The Arp2/3 complex greatly accelerates actin polymerization, which is thought to play a major role in cell motility by inducing membrane protrusions including ruffling movements. Membrane ruffles contain a variety of actin-binding proteins, which would modulate Arp2/3-dependent actin polymerization. However, their exact roles in actin polymerization remain to be established. Because caldesmon is present in membrane ruffles, as well as in stress fibers, it may alter Arp2/3-mediated actin polymerization. We have found that caldesmon greatly retards Arp2/3-induced actin polymerization. Kinetic analyses have revealed that caldesmon inhibits the nucleation process, whereas it does not largely reduce elongation. Caldesmon is found to inhibit binding of Arp2/3 to F-actin, which apparently reduces the ability of F-actin as a secondary activator of Arp2/3-mediated nucleation.
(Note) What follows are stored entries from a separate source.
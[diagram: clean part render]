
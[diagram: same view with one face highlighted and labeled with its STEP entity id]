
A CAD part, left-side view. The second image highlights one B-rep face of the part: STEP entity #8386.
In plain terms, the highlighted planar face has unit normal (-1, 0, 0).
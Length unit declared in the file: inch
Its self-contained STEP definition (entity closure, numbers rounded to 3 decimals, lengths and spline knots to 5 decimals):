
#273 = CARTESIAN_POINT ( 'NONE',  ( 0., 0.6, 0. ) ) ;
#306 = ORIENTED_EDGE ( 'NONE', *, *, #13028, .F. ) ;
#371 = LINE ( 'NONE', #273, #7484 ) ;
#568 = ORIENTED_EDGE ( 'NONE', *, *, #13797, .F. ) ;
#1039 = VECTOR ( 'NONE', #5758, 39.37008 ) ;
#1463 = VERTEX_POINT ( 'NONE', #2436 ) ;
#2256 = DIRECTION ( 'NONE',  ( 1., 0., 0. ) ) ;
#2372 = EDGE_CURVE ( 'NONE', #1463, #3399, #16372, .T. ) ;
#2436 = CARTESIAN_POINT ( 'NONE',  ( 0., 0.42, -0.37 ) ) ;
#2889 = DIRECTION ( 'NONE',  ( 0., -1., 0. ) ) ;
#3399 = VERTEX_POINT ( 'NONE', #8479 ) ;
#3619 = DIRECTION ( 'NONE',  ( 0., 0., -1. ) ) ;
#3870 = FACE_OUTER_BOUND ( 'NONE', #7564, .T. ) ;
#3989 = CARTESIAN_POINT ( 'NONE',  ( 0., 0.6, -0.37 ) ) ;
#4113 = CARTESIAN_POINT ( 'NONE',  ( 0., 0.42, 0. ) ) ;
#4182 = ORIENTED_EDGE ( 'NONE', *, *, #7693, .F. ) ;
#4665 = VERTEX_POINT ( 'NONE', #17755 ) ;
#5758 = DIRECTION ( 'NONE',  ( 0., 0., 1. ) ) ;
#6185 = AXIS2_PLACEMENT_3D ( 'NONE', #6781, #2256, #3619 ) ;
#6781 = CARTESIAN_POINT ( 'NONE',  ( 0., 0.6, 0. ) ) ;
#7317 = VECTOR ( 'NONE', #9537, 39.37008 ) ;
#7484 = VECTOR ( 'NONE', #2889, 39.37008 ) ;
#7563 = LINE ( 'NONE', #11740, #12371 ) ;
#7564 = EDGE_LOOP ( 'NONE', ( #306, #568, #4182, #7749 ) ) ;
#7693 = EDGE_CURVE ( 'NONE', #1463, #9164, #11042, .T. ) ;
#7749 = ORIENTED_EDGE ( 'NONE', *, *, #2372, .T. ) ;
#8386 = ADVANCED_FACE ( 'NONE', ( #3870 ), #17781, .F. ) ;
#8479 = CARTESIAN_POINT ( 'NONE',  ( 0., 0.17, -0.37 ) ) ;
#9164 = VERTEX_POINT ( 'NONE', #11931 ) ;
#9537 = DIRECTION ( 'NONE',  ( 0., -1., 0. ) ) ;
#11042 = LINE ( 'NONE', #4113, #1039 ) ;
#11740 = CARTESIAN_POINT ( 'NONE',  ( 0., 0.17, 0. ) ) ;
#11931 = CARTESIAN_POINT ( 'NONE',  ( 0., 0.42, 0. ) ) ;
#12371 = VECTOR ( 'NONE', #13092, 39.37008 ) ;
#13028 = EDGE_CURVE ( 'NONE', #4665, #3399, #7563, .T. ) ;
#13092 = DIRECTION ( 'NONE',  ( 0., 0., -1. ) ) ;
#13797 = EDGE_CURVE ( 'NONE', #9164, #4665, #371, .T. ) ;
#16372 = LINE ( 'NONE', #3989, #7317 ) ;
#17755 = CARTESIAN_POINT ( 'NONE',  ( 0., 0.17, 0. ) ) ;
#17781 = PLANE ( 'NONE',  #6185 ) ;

We also have found that the inhibition of the binding between actin and caldesmon either by Ca(2+)/calmodulin or by phosphorylation with cdc2 kinase reverses the inhibitory effect of caldesmon on Arp2/3-induced actin polymerization. Our results suggest that caldesmon may be a key protein that modulates membrane ruffling and that this may involve changes in caldesmon phosphorylation and/or intracellular calcium concentrations during signal transduction.